# Been put on zero hours contract,-- by my son.



## nickoff (Oct 11, 2005)

Since I retired from the metal trade a few months ago my lad who has his own 1 man joinery business has often hinted that he could do with a hand. He has been doing 12 hour days 7 days a week for months. Anyway, it was all set up that I go and help him out for the next 2 or 3 days.

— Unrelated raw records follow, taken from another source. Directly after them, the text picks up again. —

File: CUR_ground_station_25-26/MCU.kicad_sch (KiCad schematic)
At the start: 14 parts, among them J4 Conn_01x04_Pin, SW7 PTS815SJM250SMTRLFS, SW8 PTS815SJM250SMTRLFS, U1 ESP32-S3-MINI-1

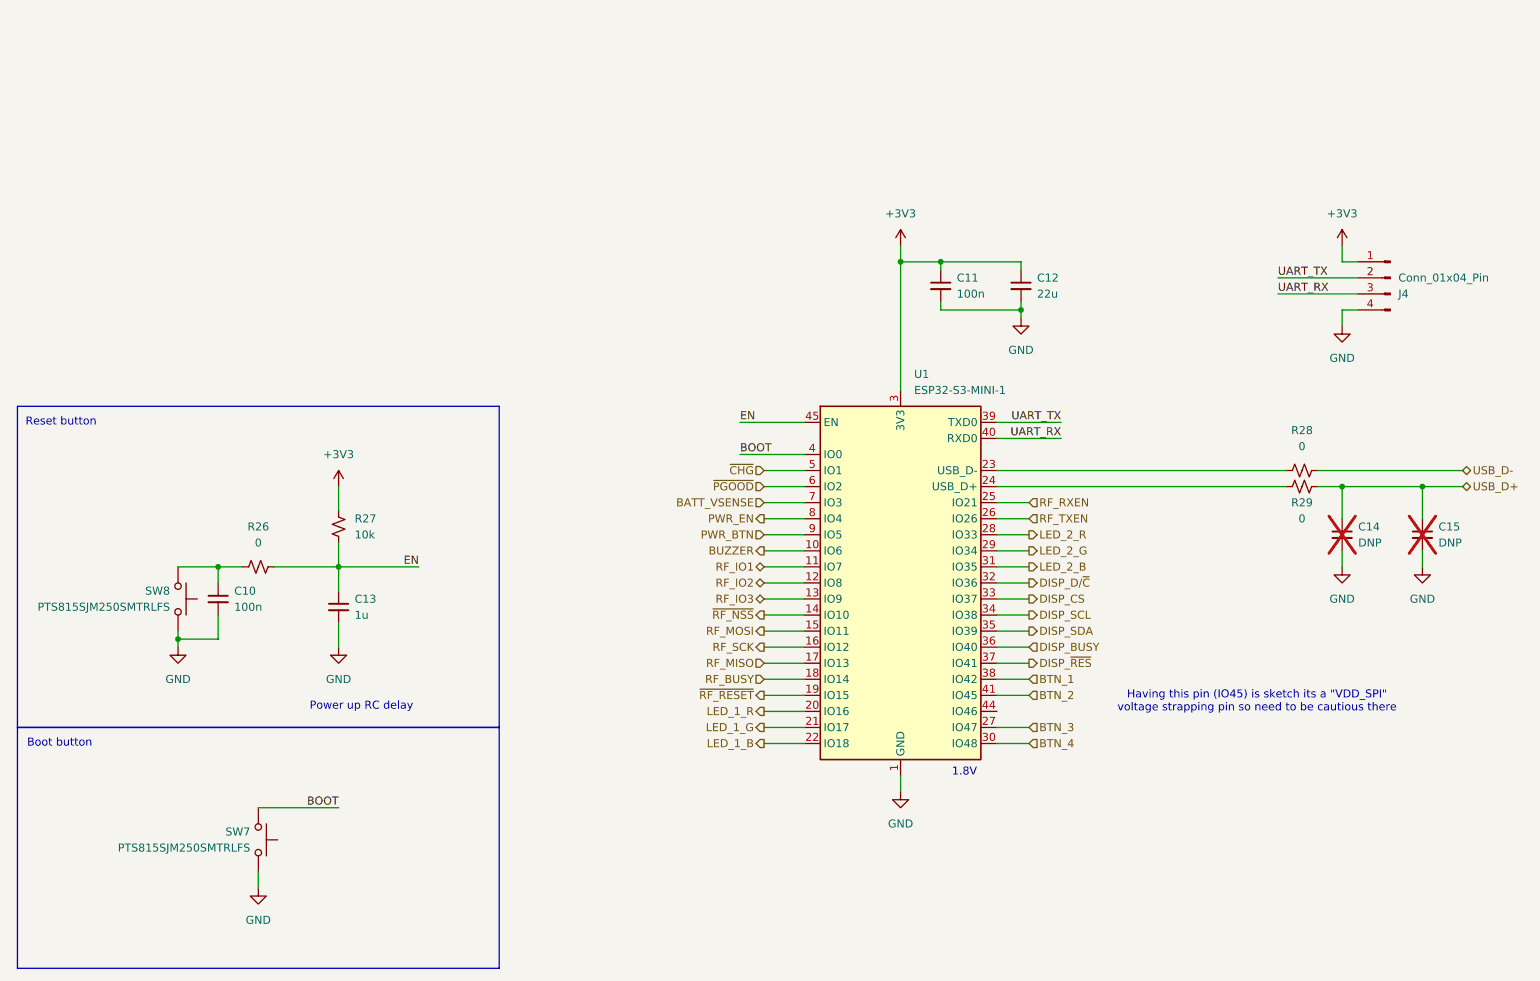
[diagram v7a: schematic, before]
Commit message: BOM optimization
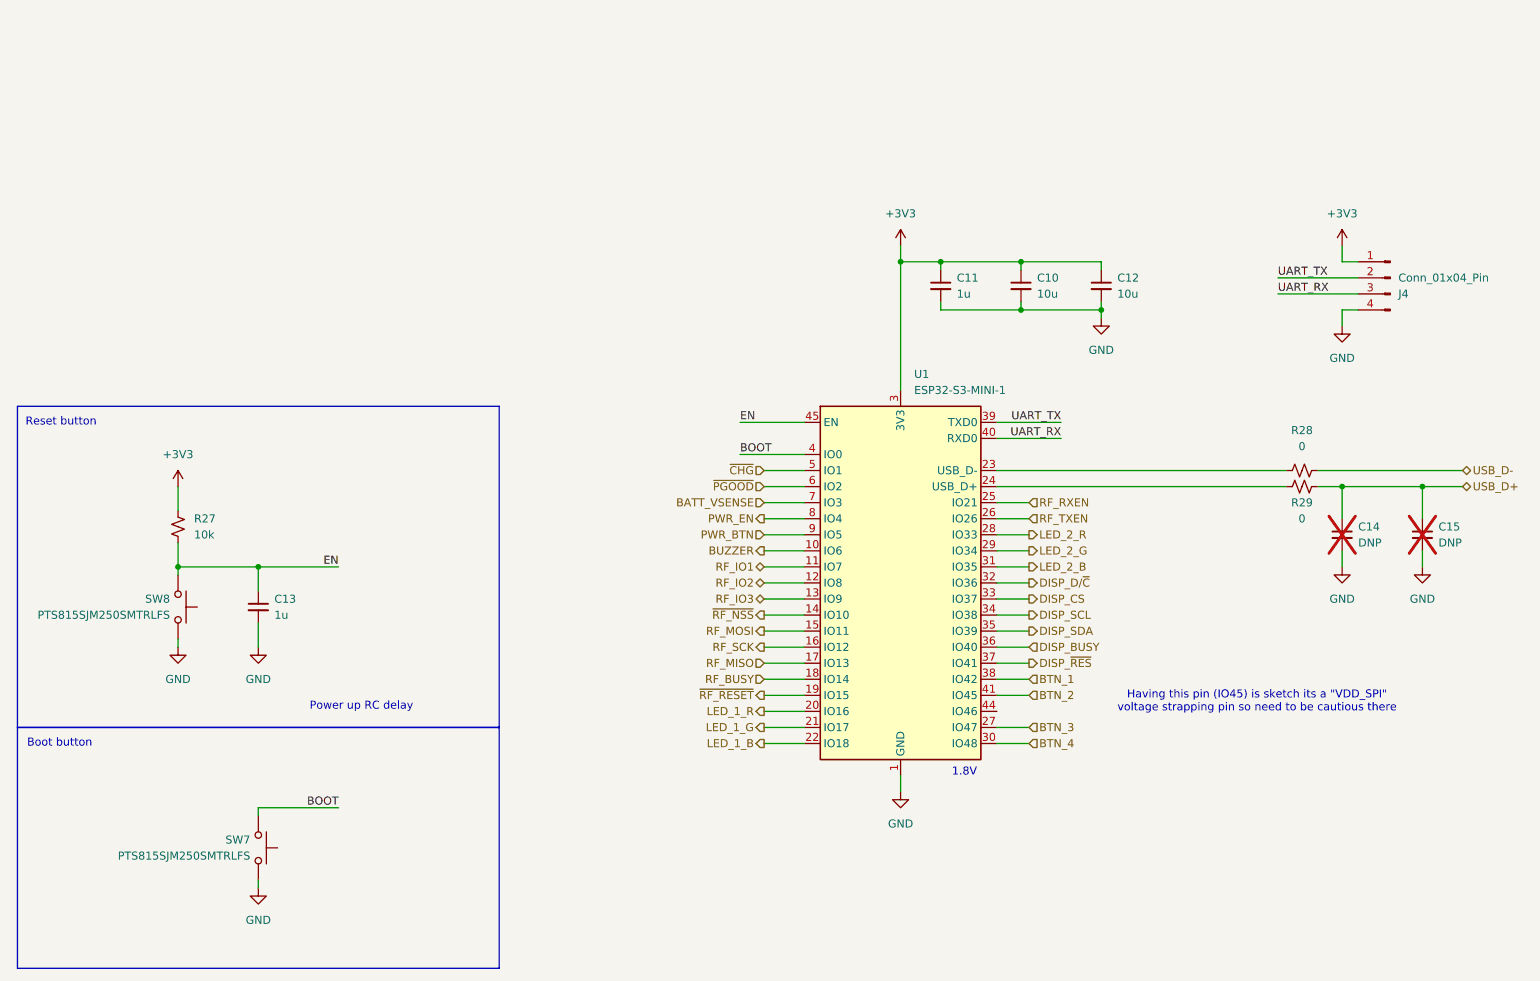
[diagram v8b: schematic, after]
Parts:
- removed R26: 0, Resistor_SMD:R_0603_1608Metric, symbol Device:R_Small_US
- C10: value 100n -> 10u
- C11: value 100n -> 1u
- C12: value 22u -> 10u
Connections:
- net +3V3: now also C10.1
- net EN: now also SW8.2
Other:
- moved on the sheet: C13, R27, SW7, SW8

Blow me half an hour before I was to meet him on a job he rings me and let's me know I'm not needed today. "I'll give you a call later and let you know when to come in dad". Good job he's my son because otherwise he would have received a big bag of b------s to you. 

Nick.


----------



## EJB (Aug 25, 2007)

You'll be telling us next that he is going to pay you!!:surprise::wink2:


----------



## nicholsong (May 26, 2009)

Nick

If he was expecting you to work for free he has done you a favour standing you down - now you can go to the pub:laugh:


----------



## JanHank (Mar 29, 2015)

I´ve got someone like that, `can you come and help a minute` when I´m in the middle of doing something and by the time I get there `oh its OK I´ve done it another way.´


----------



## Geriatricbackpacker (Aug 21, 2012)

JanHank said:


> I´ve got someone like that, `can you come and help a minute` when I´m in the middle of doing something and by the time I get there `oh its OK I´ve done it another way.´


I wonder who would be close enough to be able to do that...poor Hans is obviously a problem solver. :grin2:


----------